• Work instruction: Below are several records. Retype exactly those lines running from the one with "- Coincident4: coincident" through the one with "- Coincident5: coincident", end lines included, and no others.

• Data for the task:
|---|

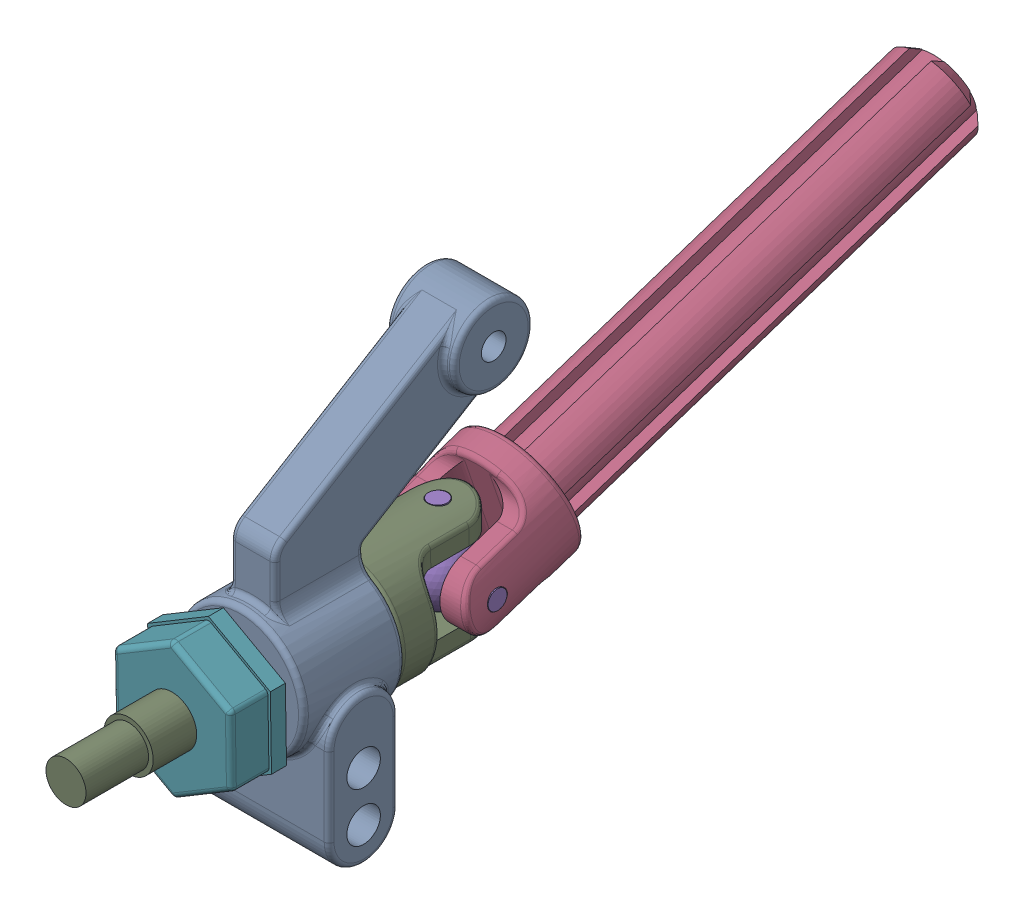
SolidWorks assembly rear spindle(Default-_flexible1), configuration Default. Lengths in mm.
Overall size (14.8 39 90.91).
9 component instances, 8 part files, 0 mates.
Components (placement in the parent):
- 3752-1: 3752 [Default] at origin size (14.8 39 26.3)
- 1675-1: 1675 [Default] at (0 0 -3.65) x (0.905715 0.423888 0) z (0 0 1) size (8 8 3)
- 1675-2: 1675 [Default] at (0 0 3.65) x (0.854501 -0.519449 0) z (0 0 1) size (8 8 3)
- 1951A-1: 1951A [Default] at (0 2.7756 -23.4548) x (0.017463 -0.949691 -0.312701) z (0 -0.312748 0.949836) size (12 12 57)
- 1951B-1: 1951B [Default] at (0 0 -15.025) x (-0.999848 -0.016587 -0.005462) z (-0.005461 -0.000091 0.999985) size (12 12 6.5)
- 2754-1: 2754 [Default] at (0 0 7.2) x (-0.016588 0.999862 0) z (0.170296 0.002825 0.985389) size (9.65 1.98 1.98)
- 3654-1: 3654 [Default] at (0 0 8.2287) x (0.016588 -0.999862 0) z (0 0 1) size (14.37 12.45 5.84)
- 1985-1: 1985 [Default] at (0 0 5.4) x (-0.754666 -0.656109 0) z (0 0 1) size (8 8 0.5)
- 1951C-1: 1951C [Default] at (0 0 -5.15) x (-0.999862 -0.016588 0) z (0 0 -1) size (12 12 40.95)
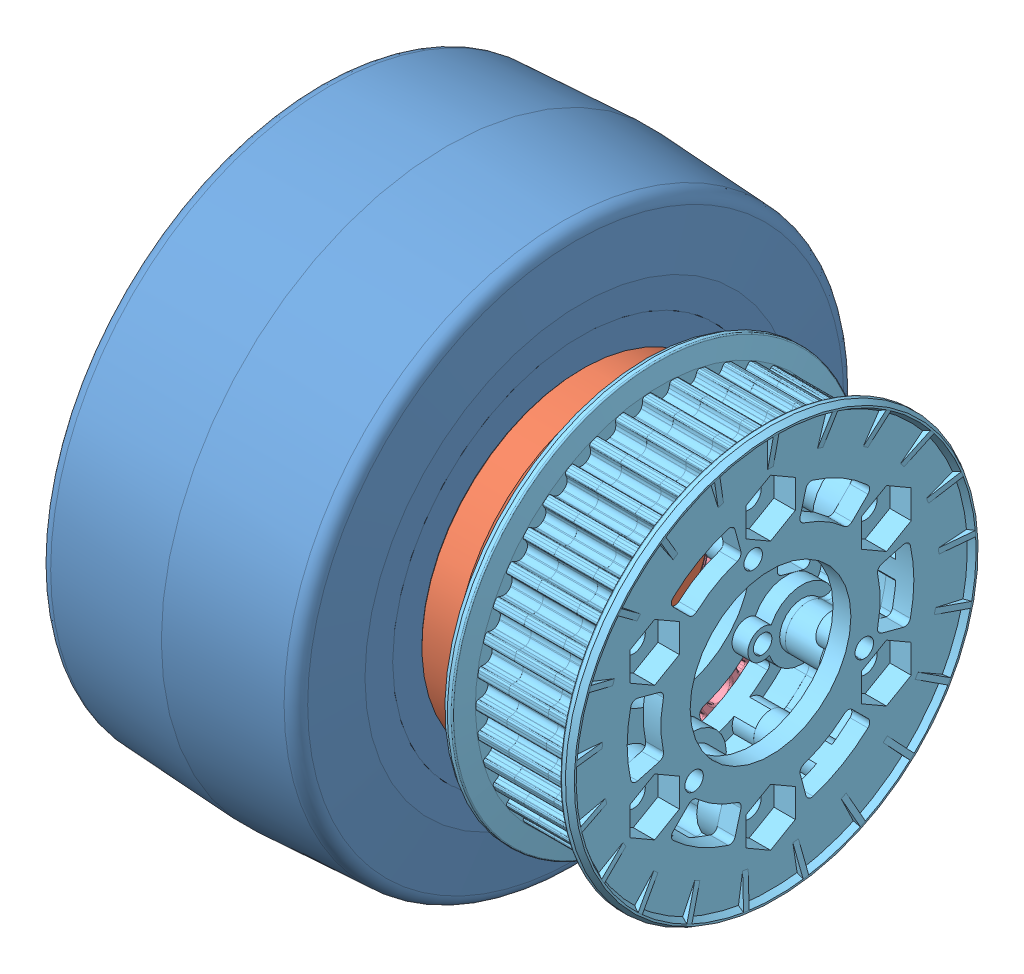
SolidWorks assembly wheel dead axis, configuration Default. Lengths in mm.
Overall size (87.16 101.6 101.6).
7 component instances, 6 part files, 12 mates.
Components (placement in the parent):
- colson wheel-1: colson wheel [Default] at (34.5983 59.2472 75.5116) size (47.77 101.6 101.6)
- hub dead axis-1: hub dead axis [Default] at (61.6576 59.2472 75.5116) x (0 0.55376 0.832676) z (-1 0 0) size (57.15 57.15 47.62)
- bearing-1: bearing [Default] at (57.6889 59.2472 75.5116) size (7.14 22.23 22.23)
- bearing-2: bearing [Default] at (17.2074 59.2472 75.5116) size (7.14 22.23 22.23)
- versahub 1.125 in bearing pilot-1: versahub 1.125 in bearing pilot [Default] at (68.0076 59.2472 75.5116) x (0 1 0) z (0 0 1) size (55.88 12.7 55.88)
- pulley-1: pulley [Default] at (90.5951 59.2472 75.5116) x (0 0 -1) z (1 0 0) size (73 73 23.01)
- spacer for dead axis-2: spacer for dead axis [Default] at (6.0316 59.2472 75.5116) x (0 0.370269 -0.928924) z (1 0 0) size (30.04 30.04 11.18)
Mates (geometry in assembly coordinates):
- Concentric1: concentric anti-aligned: cylinder of colson wheel-1 through (-37.9732 59.2472 75.5116) axis (-1 0 0) radius 15.1257; cylinder of hub dead axis-1 through (17.2076 59.2472 75.5116) axis (1 0 0) radius 15.24
- Coincident1: coincident anti-aligned: plane of colson wheel-1 through (58.4826 118.1679 -0.6884) normal (1 0 0); plane of hub dead axis-1 through (58.4826 75.0709 99.3053) normal (-1 0 0)
- Coincident2: coincident anti-aligned: plane of hub dead axis-1 through (57.6889 65.3938 84.7541) normal (1 0 0); plane of bearing-1 through (57.6889 64.4102 75.5116) normal (-1 0 0)
- Concentric2: concentric anti-aligned: cylinder of hub dead axis-1 through (17.2076 59.2472 75.5116) axis (1 0 0) radius 11.0998; cylinder of bearing-1 through (64.8366 59.2472 75.5116) axis (-1 0 0) radius 11.113
- Coincident3: coincident anti-aligned: plane of hub dead axis-1 through (24.3514 64.5217 83.4428) normal (-1 0 0); plane of bearing-2 through (24.3514 65.6142 75.5116) normal (1 0 0)
- Concentric3: concentric anti-aligned: cylinder of hub dead axis-1 through (17.2076 59.2472 75.5116) axis (1 0 0) radius 11.0998; cylinder of bearing-2 through (24.3551 59.2472 75.5116) axis (-1 0 0) radius 11.113
- Coincident4: coincident anti-aligned: plane of hub dead axis-1 through (64.8326 59.2472 75.5116) normal (1 0 0); plane of versahub 1.125 in bearing pilot-1 through (64.8326 59.2472 75.5116) normal (-1 0 0)
- Concentric4: concentric aligned: cylinder of hub dead axis-1 through (58.4826 59.2472 75.5116) axis (1 0 0) radius 25.5; cylinder of versahub 1.125 in bearing pilot-1 through (61.6576 59.2472 75.5116) axis (1 0 0) radius 25.5
- Coincident5: coincident anti-aligned: plane of versahub 1.125 in bearing pilot-1 through (71.1826 59.2472 75.5116) normal (1 0 0); plane of pulley-1 through (71.1826 59.2472 75.5116) normal (-1 0 0)
- Concentric5: concentric aligned: cylinder of versahub 1.125 in bearing pilot-1 through (74.3576 59.2472 75.5116) axis (-1 0 0) radius 25.5; cylinder of pulley-1 through (81.1826 59.2472 75.5116) axis (-1 0 0) radius 25.5
- Concentric6: concentric aligned: cylinder of colson wheel-1 through (-37.9732 59.2472 75.5116) axis (-1 0 0) radius 15.1257; cylinder of spacer for dead axis-2 through (17.2076 59.2472 75.5116) axis (-1 0 0) radius 15.0177
- Coincident8: coincident anti-aligned: plane of hub dead axis-1 through (17.2076 59.2472 75.5116) normal (-1 0 0); plane of spacer for dead axis-2 through (17.2076 59.2472 75.5116) normal (1 0 0)

|---|

• Task solution:
- Coincident4: coincident anti-aligned: plane of hub dead axis-1 through (64.8326 59.2472 75.5116) normal (1 0 0); plane of versahub 1.125 in bearing pilot-1 through (64.8326 59.2472 75.5116) normal (-1 0 0)
- Concentric4: concentric aligned: cylinder of hub dead axis-1 through (58.4826 59.2472 75.5116) axis (1 0 0) radius 25.5; cylinder of versahub 1.125 in bearing pilot-1 through (61.6576 59.2472 75.5116) axis (1 0 0) radius 25.5
- Coincident5: coincident anti-aligned: plane of versahub 1.125 in bearing pilot-1 through (71.1826 59.2472 75.5116) normal (1 0 0); plane of pulley-1 through (71.1826 59.2472 75.5116) normal (-1 0 0)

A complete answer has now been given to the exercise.